• _TASK DIRECTIONS_:
Your reply should be a single number, the count of lines in the records that contain "settings".

(Records drawn from a dataset)
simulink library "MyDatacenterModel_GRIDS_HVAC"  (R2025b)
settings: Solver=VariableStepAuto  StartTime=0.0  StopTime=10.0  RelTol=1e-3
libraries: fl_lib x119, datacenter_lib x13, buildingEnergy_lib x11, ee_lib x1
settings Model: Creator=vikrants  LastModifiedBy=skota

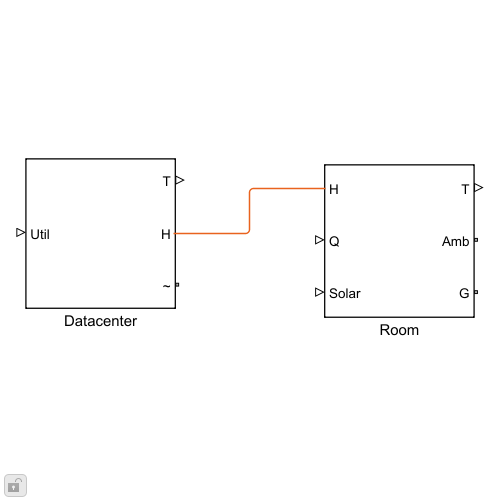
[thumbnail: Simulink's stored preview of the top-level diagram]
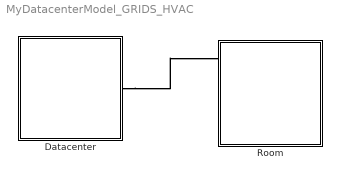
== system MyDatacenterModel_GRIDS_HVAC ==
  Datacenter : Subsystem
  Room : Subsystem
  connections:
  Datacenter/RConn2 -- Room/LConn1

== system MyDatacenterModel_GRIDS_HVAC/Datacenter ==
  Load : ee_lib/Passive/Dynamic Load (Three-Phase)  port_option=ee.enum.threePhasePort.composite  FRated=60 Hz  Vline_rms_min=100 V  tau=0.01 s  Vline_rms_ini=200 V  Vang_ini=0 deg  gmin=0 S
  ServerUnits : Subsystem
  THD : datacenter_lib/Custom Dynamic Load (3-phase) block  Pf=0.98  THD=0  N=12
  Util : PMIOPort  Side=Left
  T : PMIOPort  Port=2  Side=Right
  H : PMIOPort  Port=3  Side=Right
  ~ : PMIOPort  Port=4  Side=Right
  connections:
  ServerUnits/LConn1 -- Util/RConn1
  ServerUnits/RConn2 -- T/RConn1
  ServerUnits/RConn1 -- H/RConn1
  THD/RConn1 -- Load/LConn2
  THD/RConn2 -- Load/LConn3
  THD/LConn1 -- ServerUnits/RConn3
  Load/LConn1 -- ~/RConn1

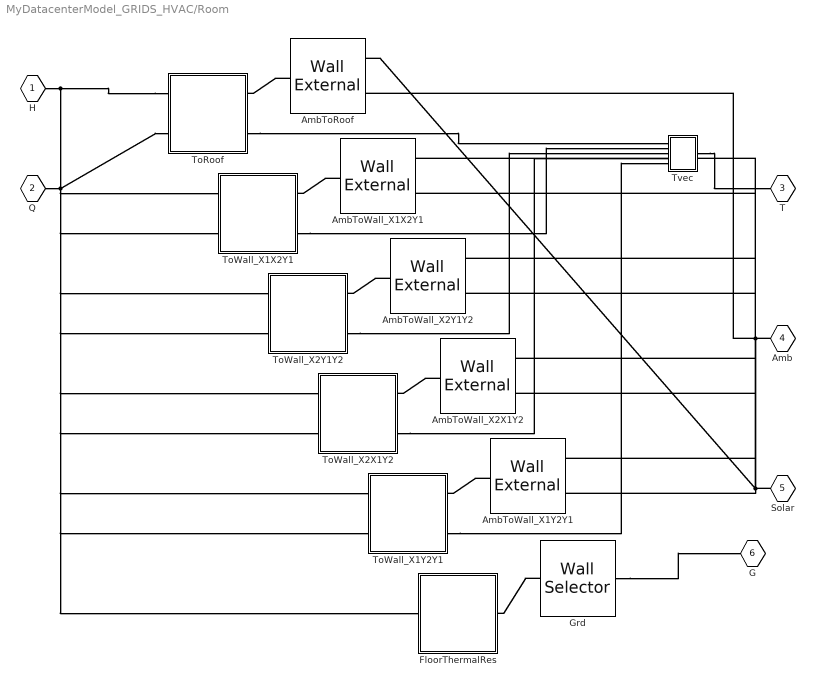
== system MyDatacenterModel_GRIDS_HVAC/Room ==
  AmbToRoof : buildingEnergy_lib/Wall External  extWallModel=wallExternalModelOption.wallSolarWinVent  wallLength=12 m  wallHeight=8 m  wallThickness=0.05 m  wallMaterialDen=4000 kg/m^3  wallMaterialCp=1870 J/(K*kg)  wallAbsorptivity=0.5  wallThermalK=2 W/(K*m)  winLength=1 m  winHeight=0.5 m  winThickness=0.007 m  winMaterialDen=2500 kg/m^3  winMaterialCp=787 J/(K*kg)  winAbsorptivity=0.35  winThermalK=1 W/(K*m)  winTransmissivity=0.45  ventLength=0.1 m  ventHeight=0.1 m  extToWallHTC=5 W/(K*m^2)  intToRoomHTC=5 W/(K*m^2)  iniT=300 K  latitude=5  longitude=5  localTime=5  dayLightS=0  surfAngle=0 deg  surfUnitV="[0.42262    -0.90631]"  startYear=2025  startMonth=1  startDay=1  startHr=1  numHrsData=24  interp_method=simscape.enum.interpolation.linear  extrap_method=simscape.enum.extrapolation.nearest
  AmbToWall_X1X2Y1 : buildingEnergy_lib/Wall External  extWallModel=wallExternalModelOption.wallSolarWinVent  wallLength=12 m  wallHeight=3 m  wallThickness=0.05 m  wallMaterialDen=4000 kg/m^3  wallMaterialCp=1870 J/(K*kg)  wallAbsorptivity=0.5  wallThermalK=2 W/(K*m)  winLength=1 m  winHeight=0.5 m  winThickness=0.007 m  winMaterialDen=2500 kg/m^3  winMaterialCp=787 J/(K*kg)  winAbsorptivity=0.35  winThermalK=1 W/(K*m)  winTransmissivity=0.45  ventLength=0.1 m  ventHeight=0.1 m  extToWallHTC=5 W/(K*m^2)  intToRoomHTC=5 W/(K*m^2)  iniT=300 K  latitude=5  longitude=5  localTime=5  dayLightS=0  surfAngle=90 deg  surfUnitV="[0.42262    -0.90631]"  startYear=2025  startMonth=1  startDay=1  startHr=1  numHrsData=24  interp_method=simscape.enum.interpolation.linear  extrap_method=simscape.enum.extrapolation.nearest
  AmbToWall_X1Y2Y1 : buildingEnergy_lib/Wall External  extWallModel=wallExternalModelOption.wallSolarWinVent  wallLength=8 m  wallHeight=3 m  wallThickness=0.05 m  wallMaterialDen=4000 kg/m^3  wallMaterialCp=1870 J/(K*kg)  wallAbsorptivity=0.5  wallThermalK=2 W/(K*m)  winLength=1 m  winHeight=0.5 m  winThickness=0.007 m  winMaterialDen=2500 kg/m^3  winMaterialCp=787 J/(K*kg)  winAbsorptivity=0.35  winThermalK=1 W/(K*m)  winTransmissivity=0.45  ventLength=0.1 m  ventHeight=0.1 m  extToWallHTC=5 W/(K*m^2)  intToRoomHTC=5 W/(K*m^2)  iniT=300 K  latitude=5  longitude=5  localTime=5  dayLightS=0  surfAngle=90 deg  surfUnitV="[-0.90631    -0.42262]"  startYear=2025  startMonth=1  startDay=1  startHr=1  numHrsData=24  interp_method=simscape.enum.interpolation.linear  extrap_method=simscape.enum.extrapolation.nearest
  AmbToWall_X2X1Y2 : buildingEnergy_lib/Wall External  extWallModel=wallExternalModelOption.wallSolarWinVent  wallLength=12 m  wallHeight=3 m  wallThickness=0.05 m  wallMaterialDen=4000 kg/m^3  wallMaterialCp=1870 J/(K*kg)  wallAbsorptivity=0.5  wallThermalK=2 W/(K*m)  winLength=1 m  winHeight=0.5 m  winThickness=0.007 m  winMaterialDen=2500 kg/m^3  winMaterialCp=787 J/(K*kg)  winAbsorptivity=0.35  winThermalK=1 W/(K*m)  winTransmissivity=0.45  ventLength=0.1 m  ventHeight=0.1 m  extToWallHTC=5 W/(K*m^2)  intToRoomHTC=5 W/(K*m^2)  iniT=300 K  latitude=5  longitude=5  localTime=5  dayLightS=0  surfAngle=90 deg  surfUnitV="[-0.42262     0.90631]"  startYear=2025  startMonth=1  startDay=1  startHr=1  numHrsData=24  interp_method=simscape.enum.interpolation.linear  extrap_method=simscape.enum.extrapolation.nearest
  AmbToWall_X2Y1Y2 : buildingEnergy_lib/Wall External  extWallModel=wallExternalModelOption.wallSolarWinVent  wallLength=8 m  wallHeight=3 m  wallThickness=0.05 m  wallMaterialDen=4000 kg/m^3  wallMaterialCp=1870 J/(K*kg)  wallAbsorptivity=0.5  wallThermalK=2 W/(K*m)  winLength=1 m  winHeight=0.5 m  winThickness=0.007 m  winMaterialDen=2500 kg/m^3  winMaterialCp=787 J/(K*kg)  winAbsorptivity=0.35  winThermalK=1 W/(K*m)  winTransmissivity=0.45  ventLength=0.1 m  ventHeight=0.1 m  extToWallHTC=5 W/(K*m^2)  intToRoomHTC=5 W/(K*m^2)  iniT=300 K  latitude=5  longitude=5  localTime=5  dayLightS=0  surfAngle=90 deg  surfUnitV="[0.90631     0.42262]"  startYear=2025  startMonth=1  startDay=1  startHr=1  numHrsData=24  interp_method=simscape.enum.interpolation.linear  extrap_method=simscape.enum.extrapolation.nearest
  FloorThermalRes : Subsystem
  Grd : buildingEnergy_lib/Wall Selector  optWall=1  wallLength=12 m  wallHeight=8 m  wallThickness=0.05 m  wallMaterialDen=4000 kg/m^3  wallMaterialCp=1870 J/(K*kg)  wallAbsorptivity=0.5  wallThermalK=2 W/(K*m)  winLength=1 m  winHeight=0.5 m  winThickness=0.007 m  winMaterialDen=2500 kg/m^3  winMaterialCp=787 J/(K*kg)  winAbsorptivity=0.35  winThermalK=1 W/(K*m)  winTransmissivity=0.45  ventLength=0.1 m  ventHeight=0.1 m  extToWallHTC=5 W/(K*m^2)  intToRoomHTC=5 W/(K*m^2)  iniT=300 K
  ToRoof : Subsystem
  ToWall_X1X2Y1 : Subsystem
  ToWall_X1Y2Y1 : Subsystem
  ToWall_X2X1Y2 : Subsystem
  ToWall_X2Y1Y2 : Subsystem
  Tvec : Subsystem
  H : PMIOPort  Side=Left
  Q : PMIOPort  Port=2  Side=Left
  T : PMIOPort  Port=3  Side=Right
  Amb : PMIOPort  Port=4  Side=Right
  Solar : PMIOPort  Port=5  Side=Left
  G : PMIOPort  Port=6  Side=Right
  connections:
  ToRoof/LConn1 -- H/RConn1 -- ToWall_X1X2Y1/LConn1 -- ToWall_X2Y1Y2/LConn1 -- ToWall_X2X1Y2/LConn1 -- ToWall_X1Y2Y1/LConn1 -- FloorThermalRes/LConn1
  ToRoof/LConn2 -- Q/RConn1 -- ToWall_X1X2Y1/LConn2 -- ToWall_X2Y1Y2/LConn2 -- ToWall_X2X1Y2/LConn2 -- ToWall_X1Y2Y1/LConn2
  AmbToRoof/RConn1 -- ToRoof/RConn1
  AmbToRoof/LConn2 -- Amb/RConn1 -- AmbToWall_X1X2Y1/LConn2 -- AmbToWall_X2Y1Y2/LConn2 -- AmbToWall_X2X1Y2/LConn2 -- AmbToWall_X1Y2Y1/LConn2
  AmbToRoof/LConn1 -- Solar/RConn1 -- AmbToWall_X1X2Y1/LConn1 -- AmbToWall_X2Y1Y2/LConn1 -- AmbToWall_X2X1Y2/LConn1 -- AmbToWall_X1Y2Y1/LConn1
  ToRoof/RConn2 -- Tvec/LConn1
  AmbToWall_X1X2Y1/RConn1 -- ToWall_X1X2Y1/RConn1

• _ANSWER AREA_:
2